Howdy all,
does anyone have any experience troubleshotting poor ESX server performance - we have one host in a cluster of 4 under-performing , when we migrate a VM to the under-performing host, we notice file transfer and backups to/from that VM drop by 50% or more
We've looked at the KB documents, and whilst there's some good general guidelines there, am looking for some more specific detail.
So far, we've assumed its network based, but ifconfig doesn't show any errors on the vmnic's, nor does the physical networking, at least on the physical switch
vSwitch config (in esx.conf ) looks exactly the same as the normally performing hosts.
Performance stats in VCentre certainly show some differences in CPU, Disk and NIC utilisation stats, but nothing really exceptional, most of it appears at least to be explainable by the differing VM loads on the hosts.
I think we've ruled out Disk as an issue, as the hosts are all connected to a fabric SAN, and we can reproduce the errors just with a TCP traffic generator (iperf.exe) as opposed to copying a file etc.
Hosts are Dell Poweredge 2900's, with 2x additional dual-port Broadcom NIC in each host, connected to an EMC CX500 via McData fabric swicthes. ESX 3.5 has been patched up to March with Critical updates.

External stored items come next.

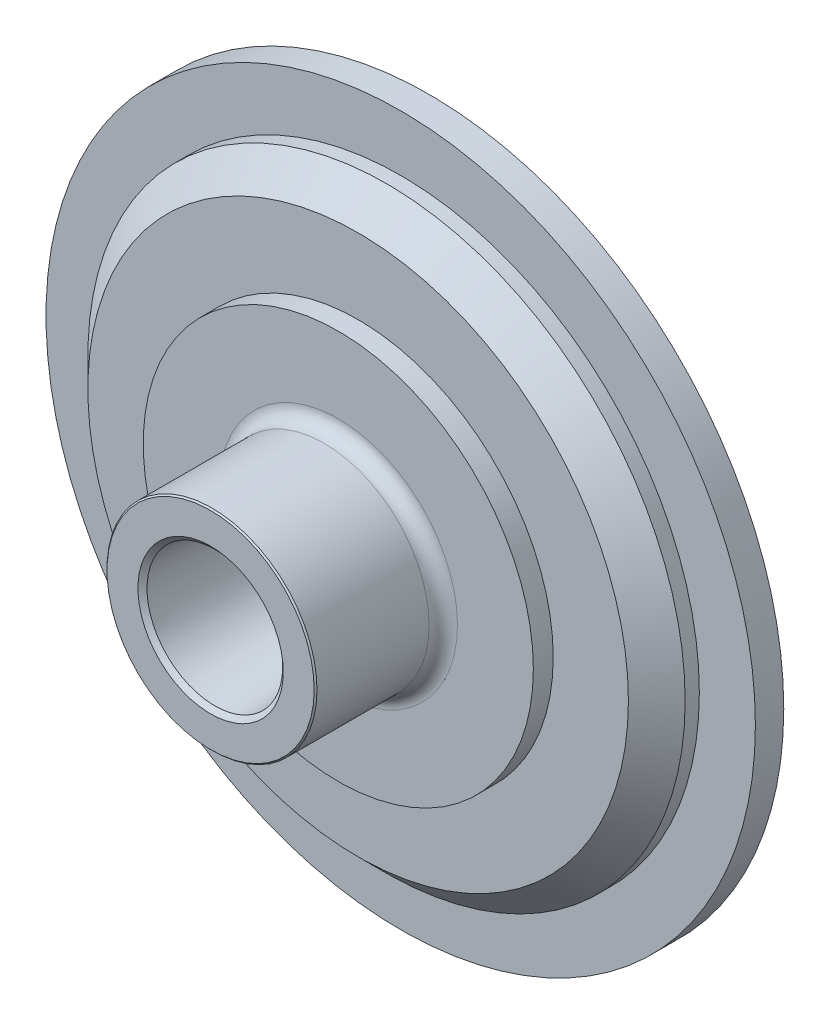
ISO-10303-21;
HEADER;
FILE_DESCRIPTION(('STEP AP214'),'2;1');
FILE_NAME('part.step','',(''),(''),'','','');
FILE_SCHEMA(('AUTOMOTIVE_DESIGN { 1 0 10303 214 1 1 1 1 }'));
ENDSEC;
DATA;
#1=APPLICATION_CONTEXT('core data for automotive mechanical design processes');
#2=APPLICATION_PROTOCOL_DEFINITION('international standard','automotive_design',2000,#1);
#3=PRODUCT_CONTEXT('',#1,'mechanical');
#4=PRODUCT('Part','Part','',(#3));
#5=PRODUCT_RELATED_PRODUCT_CATEGORY('part','',(#4));
#6=PRODUCT_DEFINITION_FORMATION('','',#4);
#7=PRODUCT_DEFINITION_CONTEXT('part definition',#1,'design');
#8=PRODUCT_DEFINITION('design','',#6,#7);
#9=PRODUCT_DEFINITION_SHAPE('','',#8);
#10=(LENGTH_UNIT() NAMED_UNIT(*) SI_UNIT(.MILLI.,.METRE.));
#11=(NAMED_UNIT(*) PLANE_ANGLE_UNIT() SI_UNIT($,.RADIAN.));
#12=(NAMED_UNIT(*) SI_UNIT($,.STERADIAN.) SOLID_ANGLE_UNIT());
#13=UNCERTAINTY_MEASURE_WITH_UNIT(LENGTH_MEASURE(1.E-05),#10,'distance_accuracy_value','');
#14=(GEOMETRIC_REPRESENTATION_CONTEXT(3) GLOBAL_UNCERTAINTY_ASSIGNED_CONTEXT((#13)) GLOBAL_UNIT_ASSIGNED_CONTEXT((#10,
#11,#12)) REPRESENTATION_CONTEXT('',''));
#15=CARTESIAN_POINT('',(0.,0.,0.));
#16=DIRECTION('',(0.,0.,1.));
#17=DIRECTION('',(1.,0.,0.));
#18=AXIS2_PLACEMENT_3D('',#15,#16,#17);
#19=CARTESIAN_POINT('',(0.,35.,-65.4818552334935));
#20=DIRECTION('',(0.,0.,1.));
#21=DIRECTION('',(1.,0.,0.));
#22=AXIS2_PLACEMENT_3D('',#19,#20,#21);
#23=PLANE('',#22);
#24=CARTESIAN_POINT('',(0.,0.,-65.4818552334935));
#25=DIRECTION('',(0.,0.,1.));
#26=DIRECTION('',(1.,0.,0.));
#27=AXIS2_PLACEMENT_3D('',#24,#25,#26);
#28=CIRCLE('',#27,35.);
#29=CARTESIAN_POINT('',(35.,0.,-65.4818552334935));
#30=VERTEX_POINT('',#29);
#31=EDGE_CURVE('E130',#30,#30,#28,.T.);
#32=ORIENTED_EDGE('',*,*,#31,.F.);
#33=EDGE_LOOP('',(#32));
#34=FACE_BOUND('',#33,.T.);
#35=CARTESIAN_POINT('',(0.,0.,-65.4818552334935));
#36=DIRECTION('',(0.,0.,1.));
#37=DIRECTION('',(1.,0.,0.));
#38=AXIS2_PLACEMENT_3D('',#35,#36,#37);
#39=CIRCLE('',#38,20.76);
#40=CARTESIAN_POINT('',(20.76,0.,-65.4818552334935));
#41=VERTEX_POINT('',#40);
#42=EDGE_CURVE('E10',#41,#41,#39,.T.);
#43=ORIENTED_EDGE('',*,*,#42,.T.);
#44=EDGE_LOOP('',(#43));
#45=FACE_BOUND('',#44,.T.);
#46=ADVANCED_FACE('F39',(#34,#45),#23,.F.);
#47=CARTESIAN_POINT('',(0.,0.,-15.9788373758317));
#48=DIRECTION('',(0.,0.,1.));
#49=DIRECTION('',(1.,0.,0.));
#50=AXIS2_PLACEMENT_3D('',#47,#48,#49);
#51=CONICAL_SURFACE('',#50,23.904897605075,0.0634441501961792);
#52=ORIENTED_EDGE('',*,*,#42,.F.);
#53=EDGE_LOOP('',(#52));
#54=FACE_BOUND('',#53,.T.);
#55=CARTESIAN_POINT('',(0.,0.,-15.9788373758317));
#56=DIRECTION('',(0.,0.,1.));
#57=DIRECTION('',(1.,0.,0.));
#58=AXIS2_PLACEMENT_3D('',#55,#56,#57);
#59=CIRCLE('',#58,23.904897605075);
#60=CARTESIAN_POINT('',(23.904897605075,0.,-15.9788373758317));
#61=VERTEX_POINT('',#60);
#62=EDGE_CURVE('E46',#61,#61,#59,.T.);
#63=ORIENTED_EDGE('',*,*,#62,.T.);
#64=EDGE_LOOP('',(#63));
#65=FACE_BOUND('',#64,.T.);
#66=ADVANCED_FACE('F138',(#54,#65),#51,.F.);
#67=CARTESIAN_POINT('',(0.,0.,-14.4818552334935));
#68=DIRECTION('',(0.,0.,1.));
#69=DIRECTION('',(1.,0.,0.));
#70=AXIS2_PLACEMENT_3D('',#67,#68,#69);
#71=CONICAL_SURFACE('',#70,25.6049878772782,0.848842313593626);
#72=ORIENTED_EDGE('',*,*,#62,.F.);
#73=EDGE_LOOP('',(#72));
#74=FACE_BOUND('',#73,.T.);
#75=CARTESIAN_POINT('',(0.,0.,-14.4818552334935));
#76=DIRECTION('',(0.,0.,1.));
#77=DIRECTION('',(1.,0.,0.));
#78=AXIS2_PLACEMENT_3D('',#75,#76,#77);
#79=CIRCLE('',#78,25.6049878772782);
#80=CARTESIAN_POINT('',(25.6049878772782,0.,-14.4818552334935));
#81=VERTEX_POINT('',#80);
#82=EDGE_CURVE('E51',#81,#81,#79,.T.);
#83=ORIENTED_EDGE('',*,*,#82,.T.);
#84=EDGE_LOOP('',(#83));
#85=FACE_BOUND('',#84,.T.);
#86=ADVANCED_FACE('F142',(#74,#85),#71,.F.);
#87=CARTESIAN_POINT('',(0.,25.6049878772782,-14.4818552334935));
#88=DIRECTION('',(0.,0.,-1.));
#89=DIRECTION('',(-1.,0.,0.));
#90=AXIS2_PLACEMENT_3D('',#87,#88,#89);
#91=PLANE('',#90);
#92=ORIENTED_EDGE('',*,*,#82,.F.);
#93=EDGE_LOOP('',(#92));
#94=FACE_BOUND('',#93,.T.);
#95=CARTESIAN_POINT('',(0.,0.,-14.4818552334935));
#96=DIRECTION('',(0.,0.,1.));
#97=DIRECTION('',(1.,0.,0.));
#98=AXIS2_PLACEMENT_3D('',#95,#96,#97);
#99=CIRCLE('',#98,36.5);
#100=CARTESIAN_POINT('',(36.5,0.,-14.4818552334935));
#101=VERTEX_POINT('',#100);
#102=EDGE_CURVE('E56',#101,#101,#99,.T.);
#103=ORIENTED_EDGE('',*,*,#102,.T.);
#104=EDGE_LOOP('',(#103));
#105=FACE_BOUND('',#104,.T.);
#106=ADVANCED_FACE('F147',(#94,#105),#91,.F.);
#107=CARTESIAN_POINT('',(0.,0.,-14.9818552334935));
#108=DIRECTION('',(0.,0.,-1.));
#109=DIRECTION('',(-1.,0.,0.));
#110=AXIS2_PLACEMENT_3D('',#107,#108,#109);
#111=CONICAL_SURFACE('',#110,37.,0.785398163397462);
#112=ORIENTED_EDGE('',*,*,#102,.F.);
#113=EDGE_LOOP('',(#112));
#114=FACE_BOUND('',#113,.T.);
#115=CARTESIAN_POINT('',(0.,0.,-14.9818552334935));
#116=DIRECTION('',(0.,0.,1.));
#117=DIRECTION('',(1.,0.,0.));
#118=AXIS2_PLACEMENT_3D('',#115,#116,#117);
#119=CIRCLE('',#118,37.);
#120=CARTESIAN_POINT('',(37.,0.,-14.9818552334935));
#121=VERTEX_POINT('',#120);
#122=EDGE_CURVE('E62',#121,#121,#119,.T.);
#123=ORIENTED_EDGE('',*,*,#122,.T.);
#124=EDGE_LOOP('',(#123));
#125=FACE_BOUND('',#124,.T.);
#126=ADVANCED_FACE('F153',(#114,#125),#111,.T.);
#127=CARTESIAN_POINT('',(0.,0.,-5.28155086198055));
#128=DIRECTION('',(0.,0.,1.));
#129=DIRECTION('',(1.,0.,0.));
#130=AXIS2_PLACEMENT_3D('',#127,#128,#129);
#131=CYLINDRICAL_SURFACE('',#130,37.);
#132=ORIENTED_EDGE('',*,*,#122,.F.);
#133=EDGE_LOOP('',(#132));
#134=FACE_BOUND('',#133,.T.);
#135=CARTESIAN_POINT('',(0.,0.,-54.4818552334935));
#136=DIRECTION('',(0.,0.,1.));
#137=DIRECTION('',(1.,0.,0.));
#138=AXIS2_PLACEMENT_3D('',#135,#136,#137);
#139=CIRCLE('',#138,37.);
#140=CARTESIAN_POINT('',(37.,0.,-54.4818552334935));
#141=VERTEX_POINT('',#140);
#142=EDGE_CURVE('E66',#141,#141,#139,.T.);
#143=ORIENTED_EDGE('',*,*,#142,.T.);
#144=EDGE_LOOP('',(#143));
#145=FACE_BOUND('',#144,.T.);
#146=ADVANCED_FACE('F157',(#134,#145),#131,.T.);
#147=CARTESIAN_POINT('',(0.,0.,-54.4818552334935));
#148=DIRECTION('',(0.,0.,1.));
#149=DIRECTION('',(1.,0.,0.));
#150=AXIS2_PLACEMENT_3D('',#147,#148,#149);
#151=TOROIDAL_SURFACE('',#150,42.,5.);
#152=ORIENTED_EDGE('',*,*,#142,.F.);
#153=EDGE_LOOP('',(#152));
#154=FACE_BOUND('',#153,.T.);
#155=CARTESIAN_POINT('',(0.,0.,-59.4818552334935));
#156=DIRECTION('',(0.,0.,1.));
#157=DIRECTION('',(1.,0.,0.));
#158=AXIS2_PLACEMENT_3D('',#155,#156,#157);
#159=CIRCLE('',#158,42.);
#160=CARTESIAN_POINT('',(42.,0.,-59.4818552334935));
#161=VERTEX_POINT('',#160);
#162=EDGE_CURVE('E70',#161,#161,#159,.T.);
#163=ORIENTED_EDGE('',*,*,#162,.T.);
#164=EDGE_LOOP('',(#163));
#165=FACE_BOUND('',#164,.T.);
#166=ADVANCED_FACE('F161',(#154,#165),#151,.F.);
#167=CARTESIAN_POINT('',(0.,42.,-59.4818552334935));
#168=DIRECTION('',(0.,0.,-1.));
#169=DIRECTION('',(-1.,0.,0.));
#170=AXIS2_PLACEMENT_3D('',#167,#168,#169);
#171=PLANE('',#170);
#172=ORIENTED_EDGE('',*,*,#162,.F.);
#173=EDGE_LOOP('',(#172));
#174=FACE_BOUND('',#173,.T.);
#175=CARTESIAN_POINT('',(0.,0.,-59.4818552334935));
#176=DIRECTION('',(0.,0.,1.));
#177=DIRECTION('',(1.,0.,0.));
#178=AXIS2_PLACEMENT_3D('',#175,#176,#177);
#179=CIRCLE('',#178,68.75);
#180=CARTESIAN_POINT('',(68.75,0.,-59.4818552334935));
#181=VERTEX_POINT('',#180);
#182=EDGE_CURVE('E74',#181,#181,#179,.T.);
#183=ORIENTED_EDGE('',*,*,#182,.T.);
#184=EDGE_LOOP('',(#183));
#185=FACE_BOUND('',#184,.T.);
#186=ADVANCED_FACE('F165',(#174,#185),#171,.F.);
#187=CARTESIAN_POINT('',(0.,0.,-5.28155086198055));
#188=DIRECTION('',(0.,0.,1.));
#189=DIRECTION('',(1.,0.,0.));
#190=AXIS2_PLACEMENT_3D('',#187,#188,#189);
#191=CYLINDRICAL_SURFACE('',#190,68.75);
#192=ORIENTED_EDGE('',*,*,#182,.F.);
#193=EDGE_LOOP('',(#192));
#194=FACE_BOUND('',#193,.T.);
#195=CARTESIAN_POINT('',(0.,0.,-66.4818552334935));
#196=DIRECTION('',(0.,0.,1.));
#197=DIRECTION('',(1.,0.,0.));
#198=AXIS2_PLACEMENT_3D('',#195,#196,#197);
#199=CIRCLE('',#198,68.75);
#200=CARTESIAN_POINT('',(68.75,0.,-66.4818552334935));
#201=VERTEX_POINT('',#200);
#202=EDGE_CURVE('E78',#201,#201,#199,.T.);
#203=ORIENTED_EDGE('',*,*,#202,.T.);
#204=EDGE_LOOP('',(#203));
#205=FACE_BOUND('',#204,.T.);
#206=ADVANCED_FACE('F169',(#194,#205),#191,.T.);
#207=CARTESIAN_POINT('',(0.,68.75,-66.4818552334935));
#208=DIRECTION('',(0.,0.,-1.));
#209=DIRECTION('',(-1.,0.,0.));
#210=AXIS2_PLACEMENT_3D('',#207,#208,#209);
#211=PLANE('',#210);
#212=ORIENTED_EDGE('',*,*,#202,.F.);
#213=EDGE_LOOP('',(#212));
#214=FACE_BOUND('',#213,.T.);
#215=CARTESIAN_POINT('',(0.,0.,-66.4818552334935));
#216=DIRECTION('',(0.,0.,1.));
#217=DIRECTION('',(1.,0.,0.));
#218=AXIS2_PLACEMENT_3D('',#215,#216,#217);
#219=CIRCLE('',#218,95.25);
#220=CARTESIAN_POINT('',(95.25,0.,-66.4818552334935));
#221=VERTEX_POINT('',#220);
#222=EDGE_CURVE('E82',#221,#221,#219,.T.);
#223=ORIENTED_EDGE('',*,*,#222,.T.);
#224=EDGE_LOOP('',(#223));
#225=FACE_BOUND('',#224,.T.);
#226=ADVANCED_FACE('F173',(#214,#225),#211,.F.);
#227=CARTESIAN_POINT('',(0.,0.,-76.4818552334935));
#228=DIRECTION('',(0.,0.,-1.));
#229=DIRECTION('',(-1.,0.,0.));
#230=AXIS2_PLACEMENT_3D('',#227,#228,#229);
#231=CONICAL_SURFACE('',#230,105.25,0.78539816339745);
#232=ORIENTED_EDGE('',*,*,#222,.F.);
#233=EDGE_LOOP('',(#232));
#234=FACE_BOUND('',#233,.T.);
#235=CARTESIAN_POINT('',(0.,0.,-76.4818552334935));
#236=DIRECTION('',(0.,0.,1.));
#237=DIRECTION('',(1.,0.,0.));
#238=AXIS2_PLACEMENT_3D('',#235,#236,#237);
#239=CIRCLE('',#238,105.25);
#240=CARTESIAN_POINT('',(105.25,0.,-76.4818552334935));
#241=VERTEX_POINT('',#240);
#242=EDGE_CURVE('E86',#241,#241,#239,.T.);
#243=ORIENTED_EDGE('',*,*,#242,.T.);
#244=EDGE_LOOP('',(#243));
#245=FACE_BOUND('',#244,.T.);
#246=ADVANCED_FACE('F177',(#234,#245),#231,.T.);
#247=CARTESIAN_POINT('',(0.,0.,-5.28155086198055));
#248=DIRECTION('',(0.,0.,1.));
#249=DIRECTION('',(1.,0.,0.));
#250=AXIS2_PLACEMENT_3D('',#247,#248,#249);
#251=CYLINDRICAL_SURFACE('',#250,105.25);
#252=ORIENTED_EDGE('',*,*,#242,.F.);
#253=EDGE_LOOP('',(#252));
#254=FACE_BOUND('',#253,.T.);
#255=CARTESIAN_POINT('',(0.,0.,-81.4818552334935));
#256=DIRECTION('',(0.,0.,1.));
#257=DIRECTION('',(1.,0.,0.));
#258=AXIS2_PLACEMENT_3D('',#255,#256,#257);
#259=CIRCLE('',#258,105.25);
#260=CARTESIAN_POINT('',(105.25,0.,-81.4818552334935));
#261=VERTEX_POINT('',#260);
#262=EDGE_CURVE('E90',#261,#261,#259,.T.);
#263=ORIENTED_EDGE('',*,*,#262,.T.);
#264=EDGE_LOOP('',(#263));
#265=FACE_BOUND('',#264,.T.);
#266=ADVANCED_FACE('F181',(#254,#265),#251,.T.);
#267=CARTESIAN_POINT('',(0.,105.25,-81.4818552334935));
#268=DIRECTION('',(0.,0.,-1.));
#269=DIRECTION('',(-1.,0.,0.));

Any clues would be greatly appreciated,
Justin.
Hi Justin
You seem to have covered most bases trying to resolve this issue... so i guess the next place to go would be the host logs to see if you can see anything in there that might identify what the problem is.
As the host is otherwise running ok, you might find it easier to generate a full diagnostic log bundle for the host and at least that way you'll have all the logs and info in one location for you to look at.
Hope this helps 😃
Adam
Cheers Adam, will give the diag bundle a look.
Don't suppose you know anything about NIC teaming? We have multiple NIC's attached to the main Virtual Machine Switch, but two of the four do almost no work at all.
Was trying to confirm if you need to enable NIC Teaming in both the vSwitch entry and the Virtual Machine Network entry?
Hi,
If you team a NIC at the switch level then all port groups will inherit that configuration.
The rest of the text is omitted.